Edna: I have had people that have done so. And you know what? Even with us, we used our own money on our first two deals, but we only owned them a few months before we got our other full, no-money-down, deal. And we also read Robert Allen’s book where he talks about no-money-down deals. We bought a house from a lady. It was actually a duplex. We tried the traditional lowball offer, market offer. Then we went a little bit higher than what most people would have. But we also asked her if she would be interested in vendor financing. She didn’t know what that was or how it worked so we explained it to her. We told her we have enough money for the down payment for this property, but we want to be able to scale. What we’re looking for is to be able to take her own money back out, maybe leave your money in the deal. You would be in on a second mortgage position. Then we can go on and buy more and more. We offered her 6 percent (interest only) payments over five years. And then when we refinanced in five years, we’d pay her out. And we gave her a full price offer. After she understood it, she goes, “Wow, I’m going to win twice. I’m going to get a full price offer and I’m going to get 6 percent of my money. That’s awesome.” She ended up getting paid out earlier than the 5 years just with everything that was going on. She also had some challenges with her mom so she needed the money. We were cash-flowing that one little duplex, at $1,000 a month. I have had some people say, “I think you’ll overpaid for that house by about $5,000.” We probably did, but in the first five months we got that back in cash flow. We still own that to this day. A lot of it is just in how you look at it. I always say, it’s a mindset shift. You start thinking differently and creatively on how you can make it work. Really, when you buy a deal with no money down like that, your return is infinite. We still own that house. We own it 100 percent. We don’t have partners under anything. 

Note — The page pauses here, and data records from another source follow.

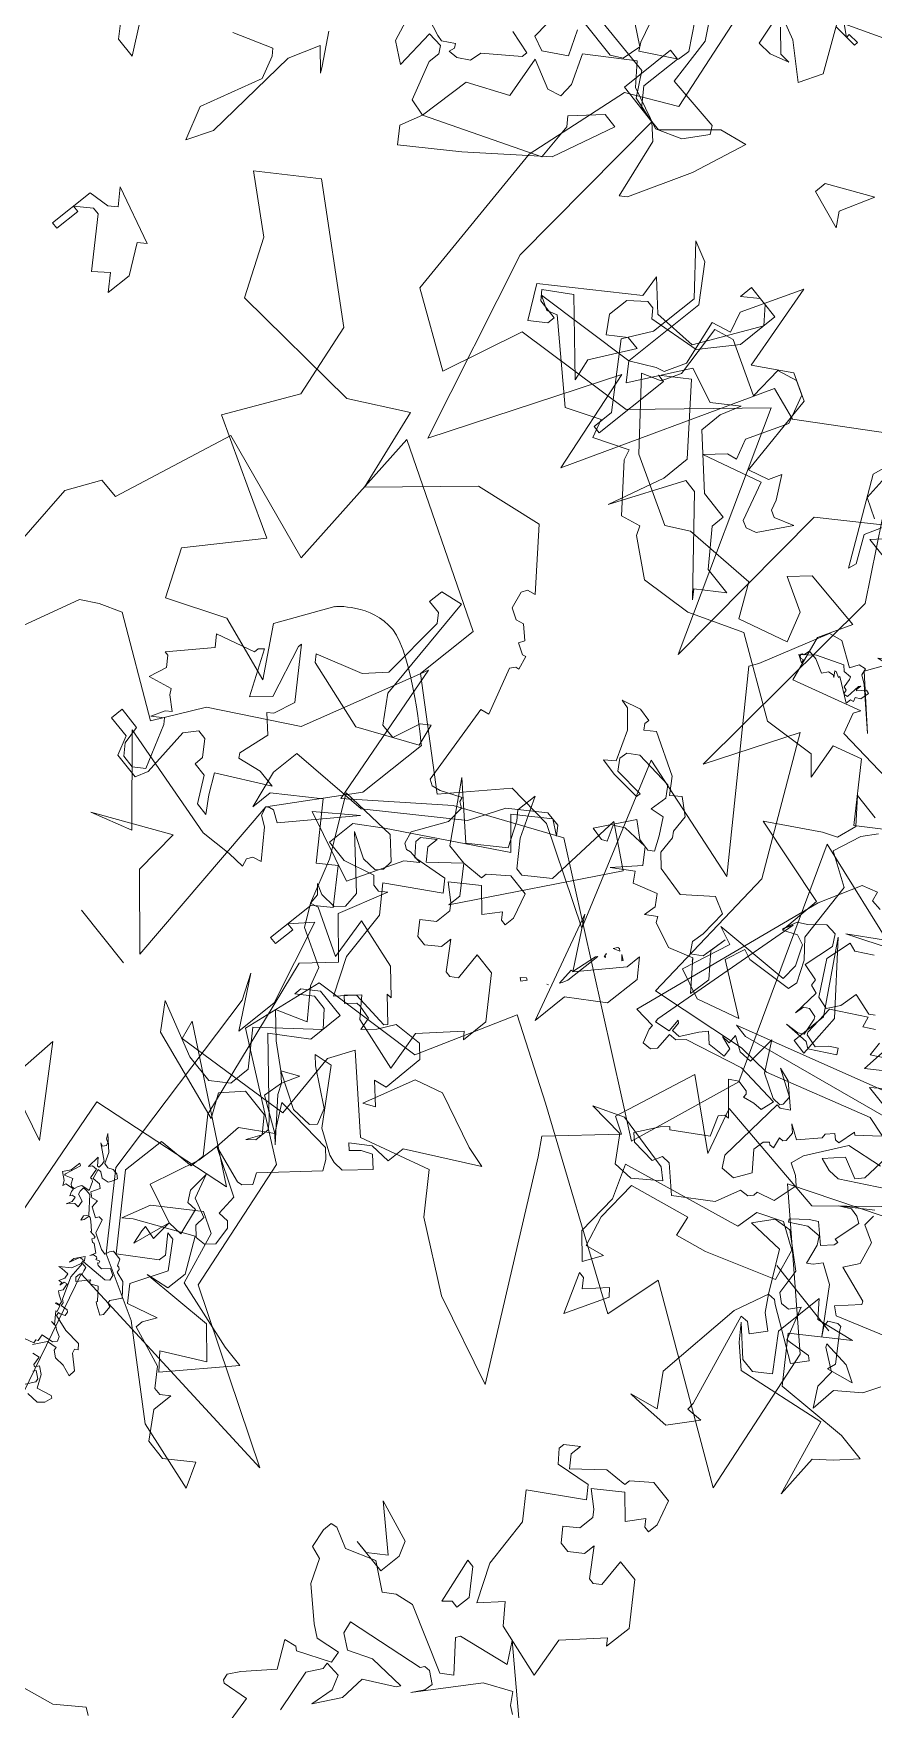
# Model space of a CAD drawing. Header units: metres. Extents: x -71 to 881, y -503 to 661.
# Drawn here: x 175.188 to 177.431, y -302.887 to -298.413 of the extents above; entities that cross this region are included whole.
import ezdxf

# ---------------------------------------------------------------- set-up
doc = ezdxf.new("R2010")
doc.units = ezdxf.units.M
doc.layers.add('ARBRE', color=100, linetype='Continuous', lineweight=13, true_color=0x00ff3f)

# ---------------------------------------------------------------- blocks, each defined once
blk = doc.blocks.new('WMF2', base_point=(0, 0.01))
at = {"color": 251, "lineweight": 0, "true_color": 0x636466}
for points in [[(152.62, -198.66), (162.76, -199.86), (152.65, -183.05), (154.26, -173.69), (175.85, -184.22), (183.13, -179.1), (188.97, -172.64), (192.5, -184.13), (195.26, -173.72), (200.97, -168.92), (202.85, -164.87), (210.8, -168.41), (212.43, -167.44), (213.62, -166.42), (215.13, -160.27)], [(190.12, -45.33), (178.29, -45.44), (176.89, -43.78), (174.7, -43.59), (173.01, -29.2), (166.39, -14.78), (160.89, -29.58), (158.19, -21.39), (152.68, -38.14), (149.95, -37.75), (143.85, -43.43)], [(139.57, -38.33), (135.29, -33.25), (133.39, -15.7), (130.63, -23.1), (123.64, -13.73), (121.99, -1.9), (114.39, -4.34), (111.72, -4.67), (103.98, -8.76), (99.27, -8.35)], [(47.38, -42.86), (52.22, -53.02), (31.88, -54.47), (45.91, -59.56), (49.4, -70.11), (59.14, -74.81), (58.34, -81.44), (49.36, -83.76), (46.84, -91.88), (40.14, -89.34), (24.4, -82.93), (24.01, -87.6), (8.81, -80.93), (12.69, -92.64), (23.58, -100.08), (8.83, -109.56)], [(100.3, -13.3), (97.37, -13.9), (96.16, -13.9), (102.61, -9.16), (103.21, -9.75), (114.9, -5.14), (116, -5.14), (100.3, -13.3), (100.3, -13.3)], [(122.03, -4.59), (121.2, -8.62), (122.72, -8.94), (116.58, -10.22), (116.74, -11.56), (117.68, -13), (118.53, -13.17), (119.53, -12.5), (119.62, -15.95), (127.05, -16.59), (123.52, -19.64), (122.5, -20.31), (122.25, -21.93), (124.05, -23.52), (121.84, -23.52)], [(112.89, -18.34), (116.25, -16.14), (114.07, -18.14)], [(120.73, -22.94), (121.42, -21.76), (121.9, -19.39), (119.14, -18.3), (118.02, -13.51), (116.67, -12.35), (115.65, -10.82), (115.72, -10.05), (119.34, -9.11), (120.19, -9.29), (120.53, -7.61), (116.29, -5.59), (119.5, -4.04), (122.03, -4.59), (122.03, -4.59)], [(170.28, -213.15), (171.44, -210.43), (167.5, -207.63), (170.63, -209.8), (171.33, -210.11), (171.53, -210.62), (172.06, -210.42), (172.36, -209.7), (174.37, -210.56), (175.39, -210.16), (176.98, -204.42), (177.29, -203.7), (165.65, -192.21), (176.34, -193.26), (169.52, -180.97), (177.55, -183.87), (181.35, -183.49), (184.59, -178.67), (192.69, -183.49), (192.69, -188.7), (207.51, -193.95), (205.44, -181.84), (216.23, -183.49), (218.11, -173.58), (219.76, -173.52), (220.92, -170.8), (219.49, -162.84)], [(177.9, -56.66), (174.32, -45.95), (177.81, -43.34), (178.67, -34.61), (175.87, -21.54), (169.72, -18.91), (168.26, -25.61), (158.55, -28.14), (151.66, -37.02), (141.23, -19.49), (142.97, -34.33), (135.13, -42.17)], [(108.09, -27.35), (107.21, -10.78), (98.49, -19.49)], [(58.37, -50.92), (61.87, -62.25), (50.47, -66), (62.16, -71.92), (61.59, -70.48), (52.23, -72.98), (53.36, -78.3), (52.54, -80.39), (46.99, -76.49), (41.75, -79.1), (39.13, -76.49), (33.51, -73.76), (26.05, -72.12), (37.25, -86.3), (38.33, -87.51), (34.61, -92.45), (35.99, -92.94), (34.69, -99.75), (29.28, -96.73), (30.97, -100.19), (21.09, -100.49), (17.67, -104.7)], [(57.77, -59.77), (57.34, -59.74), (56.99, -59.99), (56.55, -59.99), (56.22, -59.81), (56.35, -59.33), (56.48, -59.08), (57.01, -58.91), (57.45, -59.12), (57.71, -59.07), (57.42, -58.35), (56.8, -58.47), (56.47, -58.28), (56.73, -57.56), (56.31, -57.33), (55.87, -57.53), (55.75, -56.92), (54.93, -56.6), (54.8, -56.85), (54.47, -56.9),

Tom: Using that one as an example, a cash flow of 1,000 a month, you mean you’re getting so much for rent but I assume you’re also including a property tax and everything else that comes along with that? 


Edna: Yes, repairs and maintenance, because there’s always repairs, maintenance. Property management and all that sort of thing. Yeah. 


Tom: I’ve said this on my podcast before it with other guests around the real estate topic. And one of the things I still fail to wrap my head around is where the cash flow can come from. I’ve just looked recently here in my neighborhood and a townhouse—I can’t remember the exact amount to get a mortgage on that place, plus the property tax and stuff but it’s pretty much a break. The rent was about $500 more than the mortgage, $500 more a month. But by the time you look at property tax and everything else, it looked like a break even so what do people do to actually get something like $1,000 a month cash flow? Obviously, it’s probably a bigger place than a townhouse, but how do you make sure you have that breathing room? 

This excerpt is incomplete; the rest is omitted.